Greyson had a reevaluation in late November for his early intervention services and it was reported that he is functioning at the level of a ten-month-old baby. Imagine having a ten-month-old baby that is mobile….and has just about all of his teeth. Yikes.
It was recommended that we continue his current services until the spring, when we will begin the transition into the IU-13 preschool, particularly the Verbal Behavior (VB) classroom. We were also seen for a post-EEG appointment with Dr. Stein (the local neurologist), and he increased Greyson’s meds and added Cipro, an antihistamine proven to reduce migraine headaches. Until recently, I felt as though the medications prescribed were really helping. Now I can’t tell if the meds need adjusted again or if Greyson is just being difficult in general. Even as I write this, he has just been given his meds and a dose of melatonin. He put Derek and I through a hunger strike due to (what we think) is a sensory issue and has had a regression in his sleep. Greyson not sleeping means us not sleeping.
We saw Dr. Comi in November, which prompted an appointment with a neurogenetic specialist. We had this appointment today in Baltimore at the Kennedy Krieger Institute. After going over family history, questions and concerns, Derek and I had a DNA sample taken via two cheek swabs. Greyson had blood drawn to compare and contrast the chromosomal makeup and genetic map for some more possible answers into his brain issues.
Currently the things we DO know are:
1. Greyson has autism
2. Greyson is currently characterized as being “nonverbal”
3. He has a white matter brain disease
4. He has epilepsy, primarily impacting him while he’s asleep
5. His previous genetic testing (snippet array) showed no abnormalities, but the testing was part of a research study and may not be totally accurate
6. He tested negative for fragile X syndrome
Things we still do not know, but are hoping to have answers to are:
1. What is the underlying cause of Greyson’s autism
2. What are the chances of him being verbal someday
3. What caused the brain disease
4. How do we cure the brain disease
5. What can we do now to help Greyson in the future
We have been searching for the answers to our questions for 407 days and unfortunately do not see them being answered for awhile yet. We have therapies and services in place for G and we have seen him grow a bit since starting them last year, but I still can’t help but feel as though we are still missing something.

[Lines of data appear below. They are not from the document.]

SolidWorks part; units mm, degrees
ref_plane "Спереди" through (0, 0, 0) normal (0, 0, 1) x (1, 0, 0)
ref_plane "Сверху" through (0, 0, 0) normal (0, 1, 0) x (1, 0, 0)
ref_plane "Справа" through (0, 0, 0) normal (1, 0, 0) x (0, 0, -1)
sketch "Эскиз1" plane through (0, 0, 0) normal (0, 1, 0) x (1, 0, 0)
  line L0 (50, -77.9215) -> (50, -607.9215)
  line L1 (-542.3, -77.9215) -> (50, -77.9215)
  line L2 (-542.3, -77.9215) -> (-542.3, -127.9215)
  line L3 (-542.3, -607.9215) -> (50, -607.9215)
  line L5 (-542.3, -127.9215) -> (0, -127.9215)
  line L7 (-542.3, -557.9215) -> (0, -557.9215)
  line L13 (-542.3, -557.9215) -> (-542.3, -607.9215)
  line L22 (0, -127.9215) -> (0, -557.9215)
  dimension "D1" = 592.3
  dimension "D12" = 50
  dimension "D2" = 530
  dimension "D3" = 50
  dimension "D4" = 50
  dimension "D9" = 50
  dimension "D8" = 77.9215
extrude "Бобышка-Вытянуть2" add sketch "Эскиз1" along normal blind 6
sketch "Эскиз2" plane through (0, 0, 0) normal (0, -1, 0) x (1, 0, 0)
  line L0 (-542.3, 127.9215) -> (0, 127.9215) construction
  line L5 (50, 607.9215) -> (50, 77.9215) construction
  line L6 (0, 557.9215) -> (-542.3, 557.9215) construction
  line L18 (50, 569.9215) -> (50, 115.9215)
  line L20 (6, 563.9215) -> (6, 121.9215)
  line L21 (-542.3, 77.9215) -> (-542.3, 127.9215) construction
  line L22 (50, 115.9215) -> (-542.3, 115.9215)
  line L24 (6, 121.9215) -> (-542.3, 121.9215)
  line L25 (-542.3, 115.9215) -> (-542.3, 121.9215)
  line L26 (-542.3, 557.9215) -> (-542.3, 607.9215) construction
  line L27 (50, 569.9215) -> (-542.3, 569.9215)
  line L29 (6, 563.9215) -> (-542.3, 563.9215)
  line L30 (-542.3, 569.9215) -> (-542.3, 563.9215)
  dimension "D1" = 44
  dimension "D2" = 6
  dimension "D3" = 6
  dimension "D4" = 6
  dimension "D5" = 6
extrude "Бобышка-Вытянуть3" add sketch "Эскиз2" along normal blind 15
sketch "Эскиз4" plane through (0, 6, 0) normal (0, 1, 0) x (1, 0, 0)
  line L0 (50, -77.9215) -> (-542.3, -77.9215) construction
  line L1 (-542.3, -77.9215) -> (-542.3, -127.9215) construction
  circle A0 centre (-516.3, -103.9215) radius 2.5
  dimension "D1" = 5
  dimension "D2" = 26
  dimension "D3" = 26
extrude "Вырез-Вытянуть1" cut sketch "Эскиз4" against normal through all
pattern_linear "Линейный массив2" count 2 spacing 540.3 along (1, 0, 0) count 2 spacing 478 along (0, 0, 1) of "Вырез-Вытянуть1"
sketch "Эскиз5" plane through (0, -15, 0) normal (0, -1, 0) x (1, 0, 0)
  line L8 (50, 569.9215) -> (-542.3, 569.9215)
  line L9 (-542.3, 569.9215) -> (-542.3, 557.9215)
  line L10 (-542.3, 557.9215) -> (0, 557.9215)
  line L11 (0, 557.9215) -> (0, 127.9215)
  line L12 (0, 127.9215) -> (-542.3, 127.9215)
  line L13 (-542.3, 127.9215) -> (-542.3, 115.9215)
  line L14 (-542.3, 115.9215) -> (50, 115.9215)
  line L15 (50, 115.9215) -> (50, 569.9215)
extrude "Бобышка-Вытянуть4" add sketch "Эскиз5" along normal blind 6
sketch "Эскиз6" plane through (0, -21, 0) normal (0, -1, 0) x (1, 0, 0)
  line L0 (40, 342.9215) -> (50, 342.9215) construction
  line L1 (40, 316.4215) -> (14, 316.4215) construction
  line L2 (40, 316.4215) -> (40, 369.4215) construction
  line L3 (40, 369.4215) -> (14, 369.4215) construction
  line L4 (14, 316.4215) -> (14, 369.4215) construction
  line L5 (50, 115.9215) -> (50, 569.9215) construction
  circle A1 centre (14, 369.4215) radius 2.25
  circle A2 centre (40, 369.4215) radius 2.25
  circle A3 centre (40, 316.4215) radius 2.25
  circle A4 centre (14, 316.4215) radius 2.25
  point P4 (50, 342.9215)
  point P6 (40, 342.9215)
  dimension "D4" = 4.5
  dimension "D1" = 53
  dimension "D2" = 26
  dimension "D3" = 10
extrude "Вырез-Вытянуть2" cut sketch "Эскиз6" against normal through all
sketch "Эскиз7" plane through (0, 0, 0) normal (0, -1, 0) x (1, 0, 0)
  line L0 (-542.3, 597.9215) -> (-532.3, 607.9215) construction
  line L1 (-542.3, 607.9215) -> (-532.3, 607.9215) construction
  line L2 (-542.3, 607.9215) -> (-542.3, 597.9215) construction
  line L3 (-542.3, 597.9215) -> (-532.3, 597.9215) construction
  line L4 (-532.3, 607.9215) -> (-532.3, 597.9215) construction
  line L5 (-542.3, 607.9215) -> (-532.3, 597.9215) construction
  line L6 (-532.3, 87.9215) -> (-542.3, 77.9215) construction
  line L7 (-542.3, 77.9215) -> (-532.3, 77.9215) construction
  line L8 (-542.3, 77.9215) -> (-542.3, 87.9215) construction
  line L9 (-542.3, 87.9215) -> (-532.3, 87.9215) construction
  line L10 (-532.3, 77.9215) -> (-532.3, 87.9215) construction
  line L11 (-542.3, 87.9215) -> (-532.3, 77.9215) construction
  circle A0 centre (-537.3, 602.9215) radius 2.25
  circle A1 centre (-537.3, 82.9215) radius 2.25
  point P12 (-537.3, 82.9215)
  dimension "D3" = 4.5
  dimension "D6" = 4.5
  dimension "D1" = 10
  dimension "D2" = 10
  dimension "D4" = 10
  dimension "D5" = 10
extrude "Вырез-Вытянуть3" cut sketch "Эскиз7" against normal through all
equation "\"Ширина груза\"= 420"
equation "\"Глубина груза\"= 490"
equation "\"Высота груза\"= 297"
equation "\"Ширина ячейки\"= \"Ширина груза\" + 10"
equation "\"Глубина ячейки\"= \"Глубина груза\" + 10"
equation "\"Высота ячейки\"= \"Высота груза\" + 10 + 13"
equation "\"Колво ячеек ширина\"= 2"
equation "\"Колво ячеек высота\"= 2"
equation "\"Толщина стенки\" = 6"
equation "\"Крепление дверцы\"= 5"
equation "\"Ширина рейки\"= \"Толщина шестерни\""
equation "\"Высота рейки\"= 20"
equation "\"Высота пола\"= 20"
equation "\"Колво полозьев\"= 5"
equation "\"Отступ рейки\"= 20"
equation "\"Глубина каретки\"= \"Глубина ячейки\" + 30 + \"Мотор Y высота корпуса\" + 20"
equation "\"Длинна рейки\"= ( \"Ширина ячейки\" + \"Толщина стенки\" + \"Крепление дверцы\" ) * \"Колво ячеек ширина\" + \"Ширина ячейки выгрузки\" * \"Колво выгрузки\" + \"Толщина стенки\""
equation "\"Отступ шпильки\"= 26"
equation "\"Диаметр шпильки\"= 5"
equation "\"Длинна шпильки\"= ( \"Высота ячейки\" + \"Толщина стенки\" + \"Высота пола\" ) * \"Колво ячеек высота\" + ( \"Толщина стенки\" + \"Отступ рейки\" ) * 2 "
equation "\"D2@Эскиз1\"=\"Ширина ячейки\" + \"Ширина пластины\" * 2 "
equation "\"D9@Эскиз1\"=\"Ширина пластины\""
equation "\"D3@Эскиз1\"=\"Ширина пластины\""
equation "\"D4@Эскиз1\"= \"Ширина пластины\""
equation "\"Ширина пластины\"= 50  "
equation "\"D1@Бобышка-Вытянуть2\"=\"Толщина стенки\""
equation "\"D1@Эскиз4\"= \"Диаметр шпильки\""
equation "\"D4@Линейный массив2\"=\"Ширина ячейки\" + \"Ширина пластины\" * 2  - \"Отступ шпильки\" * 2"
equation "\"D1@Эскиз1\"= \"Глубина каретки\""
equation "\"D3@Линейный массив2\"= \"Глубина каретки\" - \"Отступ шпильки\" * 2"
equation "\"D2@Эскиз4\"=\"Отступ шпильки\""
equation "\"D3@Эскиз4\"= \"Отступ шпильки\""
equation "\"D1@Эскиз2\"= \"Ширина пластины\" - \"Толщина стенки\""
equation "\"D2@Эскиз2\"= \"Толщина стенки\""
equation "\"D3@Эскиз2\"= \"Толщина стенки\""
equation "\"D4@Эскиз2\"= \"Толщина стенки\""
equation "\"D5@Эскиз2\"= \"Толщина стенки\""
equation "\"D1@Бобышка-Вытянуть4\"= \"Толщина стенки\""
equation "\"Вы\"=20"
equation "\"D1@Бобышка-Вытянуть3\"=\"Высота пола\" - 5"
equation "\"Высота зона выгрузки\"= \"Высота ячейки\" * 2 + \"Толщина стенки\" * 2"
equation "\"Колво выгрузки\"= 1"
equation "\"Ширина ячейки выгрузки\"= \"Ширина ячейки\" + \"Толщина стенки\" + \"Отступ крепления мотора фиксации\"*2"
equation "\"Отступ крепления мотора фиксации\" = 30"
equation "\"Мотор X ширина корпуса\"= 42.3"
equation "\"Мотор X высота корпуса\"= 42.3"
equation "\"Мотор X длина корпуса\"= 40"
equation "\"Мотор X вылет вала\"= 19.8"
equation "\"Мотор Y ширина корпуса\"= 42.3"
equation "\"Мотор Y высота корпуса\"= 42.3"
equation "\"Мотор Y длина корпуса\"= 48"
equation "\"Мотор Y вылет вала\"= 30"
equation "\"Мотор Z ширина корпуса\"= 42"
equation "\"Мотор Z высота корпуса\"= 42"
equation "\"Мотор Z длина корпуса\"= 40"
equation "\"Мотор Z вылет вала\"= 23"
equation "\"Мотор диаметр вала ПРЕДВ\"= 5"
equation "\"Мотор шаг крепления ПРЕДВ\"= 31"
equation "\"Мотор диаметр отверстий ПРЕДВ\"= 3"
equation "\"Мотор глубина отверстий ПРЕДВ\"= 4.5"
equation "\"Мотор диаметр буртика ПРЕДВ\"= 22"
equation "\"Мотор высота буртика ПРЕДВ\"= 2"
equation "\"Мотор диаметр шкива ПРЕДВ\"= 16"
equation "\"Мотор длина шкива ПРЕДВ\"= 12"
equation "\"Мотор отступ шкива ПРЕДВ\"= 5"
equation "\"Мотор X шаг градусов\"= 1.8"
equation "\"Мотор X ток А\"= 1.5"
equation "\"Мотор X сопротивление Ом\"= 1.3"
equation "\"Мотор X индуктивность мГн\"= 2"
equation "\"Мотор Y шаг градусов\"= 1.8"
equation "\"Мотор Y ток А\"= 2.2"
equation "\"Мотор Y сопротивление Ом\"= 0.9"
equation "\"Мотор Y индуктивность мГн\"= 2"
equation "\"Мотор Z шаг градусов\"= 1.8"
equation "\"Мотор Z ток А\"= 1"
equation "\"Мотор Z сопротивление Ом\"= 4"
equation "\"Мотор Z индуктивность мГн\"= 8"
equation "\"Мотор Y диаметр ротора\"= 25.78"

My first question to the genetic specialist was “what will this testing show us that we don’t already know? And how will it impact us as a family?” Of course every case is different, but currently there is a 40% chance of the lab finding an issue with Greyson’s genes. If they would find something, Roslynn potentially would be tested as well to see if she inherited anything from Derek or I. Still, that means that there are still more cases in which the doctors don’t find anything, opposed to when they do find something. Makes being optimistic kinda hard, though we will go through with the testing. Derek and I have both discussed this and have agreed that this will be the last round of genetic testing that we will put G and ourselves through. If the results are inconclusive, we will wait a few years and proceed with finding answers.
We also realized that we may never have the answers to our questions. We may never know why Greyson has so many delays and abnormal MRIs and EEGs. Though we would love to have answers so we can better prepare him and ourselves for his future, realistically we must realize that it could potentially never happen. For now, my New Year’s resolution is to stop living in the past and to stop dwelling on our future. There is nothing we could or would have done differently during pregnancy that would have changed the outcomes and we don’t know what the future holds. We don’t know what medicine and science will look like tomorrow, let alone 10+ years from now, so we must stop dreading it and hiding Greyson from the world.
So, as we close another year, perhaps the most difficult year of my 29 years thus far, we will not look at this time and wish we could change the past. We will live for today and celebrate the little things in life, especially Greyson’s smallest successes.
Ps- Derek might kill me for posting this, but look how happy G looks. Melts my ❤️.